A few months back, Scott Adams posted a great Dilbert that I have been meaning to write about for a while (click on the image to see the original).
In the strip, Dilbert says “You don’t go to war with the data you need. You go to war with the data you have.”
Now Scott Adams was being funny but in fact there is a kernel of truth here. We come across many companies that are failing to apply data to their decision-making, delaying building predictive analytic models or postponing their adoption of machine learning because they don’t have the data they “need”. It’s not integrated enough, clean enough, precise enough or just not as good as it “will be soon”. This is a mistake. You should do as Dilbert advises, and “go to war with the data you have“.
The trick is to start with the decision you want to improve, rather than with the data. Understand the decision, model how you think you make that decision today, work with those who make the decision every day to capture your current approach. This decision making is possible with the data you have – it must be, as this is how you decide right now.
Now you can ask some interesting questions like:
- What would help you make this decision more accurately?
- Which pieces of the decision give you the most trouble?
- Where do you spend your time in this decision?
- Is the data you need to make this decision presented the way you use it in this decision?
- Which pieces of this decision are data analysis – places where you decide something about the data so you can base some other decision on that analysis?
Sometimes the answer to these questions will lead you to new data or identify that your data needs to be improved. If it does, at least you can show exactly WHY you need that new data and so calculate an ROI. But often it reveals that you need to use the data you have in different ways.
The biggest benefit comes from identifying possible predictive models. Because you know how the decision is made, you will be able to see how accurate a predictive model must be to be useful. Often this is a lot lower than you think. We have had clients realize they only needed a model that as a little better than a coin flip and others who only needed 70-80% accuracy.
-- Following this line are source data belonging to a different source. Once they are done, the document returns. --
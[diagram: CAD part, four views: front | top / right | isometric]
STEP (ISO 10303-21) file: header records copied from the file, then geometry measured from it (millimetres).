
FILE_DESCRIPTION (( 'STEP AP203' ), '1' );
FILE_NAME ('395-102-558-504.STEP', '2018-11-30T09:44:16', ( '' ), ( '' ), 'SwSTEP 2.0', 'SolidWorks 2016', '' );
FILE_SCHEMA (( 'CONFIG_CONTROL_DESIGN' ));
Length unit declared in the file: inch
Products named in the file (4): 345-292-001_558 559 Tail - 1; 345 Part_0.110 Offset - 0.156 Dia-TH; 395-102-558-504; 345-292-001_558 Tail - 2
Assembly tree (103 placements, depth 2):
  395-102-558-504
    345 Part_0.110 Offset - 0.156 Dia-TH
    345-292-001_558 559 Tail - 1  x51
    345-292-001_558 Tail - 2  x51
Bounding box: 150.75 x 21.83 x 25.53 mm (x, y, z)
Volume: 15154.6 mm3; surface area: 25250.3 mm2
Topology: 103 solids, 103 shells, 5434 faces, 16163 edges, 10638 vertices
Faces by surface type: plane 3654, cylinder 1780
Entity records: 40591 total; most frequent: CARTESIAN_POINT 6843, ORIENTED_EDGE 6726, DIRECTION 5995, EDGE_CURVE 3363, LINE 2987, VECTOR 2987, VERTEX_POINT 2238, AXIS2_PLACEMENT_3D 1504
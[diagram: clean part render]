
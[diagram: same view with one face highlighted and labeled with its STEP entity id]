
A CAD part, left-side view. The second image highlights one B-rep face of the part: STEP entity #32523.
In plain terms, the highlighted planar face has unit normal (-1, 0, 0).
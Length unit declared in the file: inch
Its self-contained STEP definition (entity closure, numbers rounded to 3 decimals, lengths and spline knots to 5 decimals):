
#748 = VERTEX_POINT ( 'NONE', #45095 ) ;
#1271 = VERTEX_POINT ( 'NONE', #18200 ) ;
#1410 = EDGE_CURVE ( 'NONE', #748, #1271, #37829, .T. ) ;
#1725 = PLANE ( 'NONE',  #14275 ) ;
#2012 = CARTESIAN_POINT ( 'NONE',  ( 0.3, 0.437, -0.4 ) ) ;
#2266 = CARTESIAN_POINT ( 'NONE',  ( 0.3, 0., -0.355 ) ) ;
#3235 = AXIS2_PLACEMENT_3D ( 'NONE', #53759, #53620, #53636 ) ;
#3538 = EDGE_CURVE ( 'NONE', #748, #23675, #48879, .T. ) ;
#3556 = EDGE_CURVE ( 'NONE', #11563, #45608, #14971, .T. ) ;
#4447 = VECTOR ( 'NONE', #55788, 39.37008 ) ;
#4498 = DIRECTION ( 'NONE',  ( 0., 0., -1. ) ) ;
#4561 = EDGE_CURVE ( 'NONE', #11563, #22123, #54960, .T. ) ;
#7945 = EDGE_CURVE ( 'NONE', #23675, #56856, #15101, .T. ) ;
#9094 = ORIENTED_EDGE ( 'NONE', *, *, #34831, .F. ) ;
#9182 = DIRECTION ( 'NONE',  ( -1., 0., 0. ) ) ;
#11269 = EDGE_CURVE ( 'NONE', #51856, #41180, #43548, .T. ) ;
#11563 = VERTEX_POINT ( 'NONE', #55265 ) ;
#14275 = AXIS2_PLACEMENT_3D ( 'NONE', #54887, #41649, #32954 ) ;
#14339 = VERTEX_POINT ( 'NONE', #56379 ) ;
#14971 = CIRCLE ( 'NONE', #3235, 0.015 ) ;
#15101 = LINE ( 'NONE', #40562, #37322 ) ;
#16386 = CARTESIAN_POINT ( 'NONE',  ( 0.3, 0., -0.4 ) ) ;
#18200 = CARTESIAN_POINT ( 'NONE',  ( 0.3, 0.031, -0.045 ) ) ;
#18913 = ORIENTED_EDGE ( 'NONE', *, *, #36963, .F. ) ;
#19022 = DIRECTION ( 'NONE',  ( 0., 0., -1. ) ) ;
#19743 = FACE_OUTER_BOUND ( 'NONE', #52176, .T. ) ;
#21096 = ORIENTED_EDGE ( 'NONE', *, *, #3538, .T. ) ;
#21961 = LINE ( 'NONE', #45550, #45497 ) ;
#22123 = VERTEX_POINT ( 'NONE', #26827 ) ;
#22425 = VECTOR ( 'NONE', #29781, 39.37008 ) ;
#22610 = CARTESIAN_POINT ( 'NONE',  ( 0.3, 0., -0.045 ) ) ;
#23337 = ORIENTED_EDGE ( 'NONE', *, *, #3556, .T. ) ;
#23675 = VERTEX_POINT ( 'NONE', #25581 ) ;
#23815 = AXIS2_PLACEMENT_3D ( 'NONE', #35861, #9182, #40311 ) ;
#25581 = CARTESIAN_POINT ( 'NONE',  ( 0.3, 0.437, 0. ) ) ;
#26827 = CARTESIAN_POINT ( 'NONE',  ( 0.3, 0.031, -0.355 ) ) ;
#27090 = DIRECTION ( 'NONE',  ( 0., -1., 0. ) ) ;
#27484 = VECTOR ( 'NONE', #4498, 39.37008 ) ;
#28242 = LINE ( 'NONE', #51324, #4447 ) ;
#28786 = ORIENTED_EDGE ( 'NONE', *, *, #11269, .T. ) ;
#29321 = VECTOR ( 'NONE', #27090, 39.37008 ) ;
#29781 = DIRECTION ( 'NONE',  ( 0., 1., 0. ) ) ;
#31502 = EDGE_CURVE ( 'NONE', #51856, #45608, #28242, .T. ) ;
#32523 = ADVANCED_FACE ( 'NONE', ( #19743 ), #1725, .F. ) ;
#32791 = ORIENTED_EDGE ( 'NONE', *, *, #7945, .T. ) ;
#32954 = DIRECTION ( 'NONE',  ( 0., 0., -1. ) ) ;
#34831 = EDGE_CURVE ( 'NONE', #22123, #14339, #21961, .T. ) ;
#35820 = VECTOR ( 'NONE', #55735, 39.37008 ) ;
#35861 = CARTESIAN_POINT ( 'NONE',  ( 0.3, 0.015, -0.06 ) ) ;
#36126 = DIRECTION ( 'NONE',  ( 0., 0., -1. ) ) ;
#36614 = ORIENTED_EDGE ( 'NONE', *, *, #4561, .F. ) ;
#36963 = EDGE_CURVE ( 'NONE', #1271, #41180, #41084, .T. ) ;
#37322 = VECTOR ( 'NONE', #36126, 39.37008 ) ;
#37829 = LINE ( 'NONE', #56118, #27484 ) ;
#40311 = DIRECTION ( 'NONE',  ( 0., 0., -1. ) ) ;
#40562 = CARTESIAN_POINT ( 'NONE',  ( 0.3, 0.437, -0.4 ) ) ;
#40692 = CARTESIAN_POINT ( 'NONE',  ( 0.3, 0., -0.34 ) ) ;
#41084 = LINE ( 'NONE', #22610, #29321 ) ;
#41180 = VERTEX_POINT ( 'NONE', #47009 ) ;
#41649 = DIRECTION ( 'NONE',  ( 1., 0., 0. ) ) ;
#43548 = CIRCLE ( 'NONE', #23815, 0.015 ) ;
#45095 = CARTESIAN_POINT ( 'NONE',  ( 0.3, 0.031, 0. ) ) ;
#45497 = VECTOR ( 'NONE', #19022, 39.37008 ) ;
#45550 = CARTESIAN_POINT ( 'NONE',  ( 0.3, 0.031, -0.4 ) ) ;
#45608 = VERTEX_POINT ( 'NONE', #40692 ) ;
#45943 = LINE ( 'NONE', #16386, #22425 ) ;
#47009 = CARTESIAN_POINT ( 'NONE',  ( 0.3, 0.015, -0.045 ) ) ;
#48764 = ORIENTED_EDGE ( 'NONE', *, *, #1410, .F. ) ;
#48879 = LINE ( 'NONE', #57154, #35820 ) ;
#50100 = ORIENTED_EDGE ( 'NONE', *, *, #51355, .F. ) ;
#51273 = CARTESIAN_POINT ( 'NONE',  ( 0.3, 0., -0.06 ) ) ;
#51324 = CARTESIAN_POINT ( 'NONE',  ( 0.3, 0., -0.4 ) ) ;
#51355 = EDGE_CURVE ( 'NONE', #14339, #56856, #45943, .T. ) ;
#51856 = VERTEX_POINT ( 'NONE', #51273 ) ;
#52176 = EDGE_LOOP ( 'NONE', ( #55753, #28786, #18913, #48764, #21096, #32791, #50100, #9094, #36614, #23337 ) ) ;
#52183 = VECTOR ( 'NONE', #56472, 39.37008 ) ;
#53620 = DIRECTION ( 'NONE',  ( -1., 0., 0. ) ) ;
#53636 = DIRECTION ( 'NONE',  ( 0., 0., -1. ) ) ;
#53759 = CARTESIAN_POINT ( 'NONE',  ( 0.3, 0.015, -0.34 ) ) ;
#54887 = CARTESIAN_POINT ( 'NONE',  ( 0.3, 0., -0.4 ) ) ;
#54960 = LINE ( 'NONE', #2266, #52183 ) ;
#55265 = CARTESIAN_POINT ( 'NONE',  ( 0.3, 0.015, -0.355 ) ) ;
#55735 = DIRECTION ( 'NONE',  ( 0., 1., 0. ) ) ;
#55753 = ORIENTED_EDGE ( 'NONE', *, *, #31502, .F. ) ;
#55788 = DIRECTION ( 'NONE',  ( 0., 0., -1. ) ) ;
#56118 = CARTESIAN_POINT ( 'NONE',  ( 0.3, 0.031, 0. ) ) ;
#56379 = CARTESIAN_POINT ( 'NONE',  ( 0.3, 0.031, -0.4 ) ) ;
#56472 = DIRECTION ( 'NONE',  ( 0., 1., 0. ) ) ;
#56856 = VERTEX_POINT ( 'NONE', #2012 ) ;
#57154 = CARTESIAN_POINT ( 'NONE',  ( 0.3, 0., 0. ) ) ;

You might need 99.99% but you probably don’t.
Until you know, you can’t answer the question if your data is good enough or not. Without a business-driven target for accuracy, your data team will assume something must be really accurate to be useful and they could easily overshoot. Plus many predictive models cope with missing and bad data quite well or can at least degrade gracefully when the data is of poor quality, allowing reasonable predictions even when data is less good.
So, don’t wait for the data you think you need, start improving decisions with the data you have. It’s noble, its heroic and it works.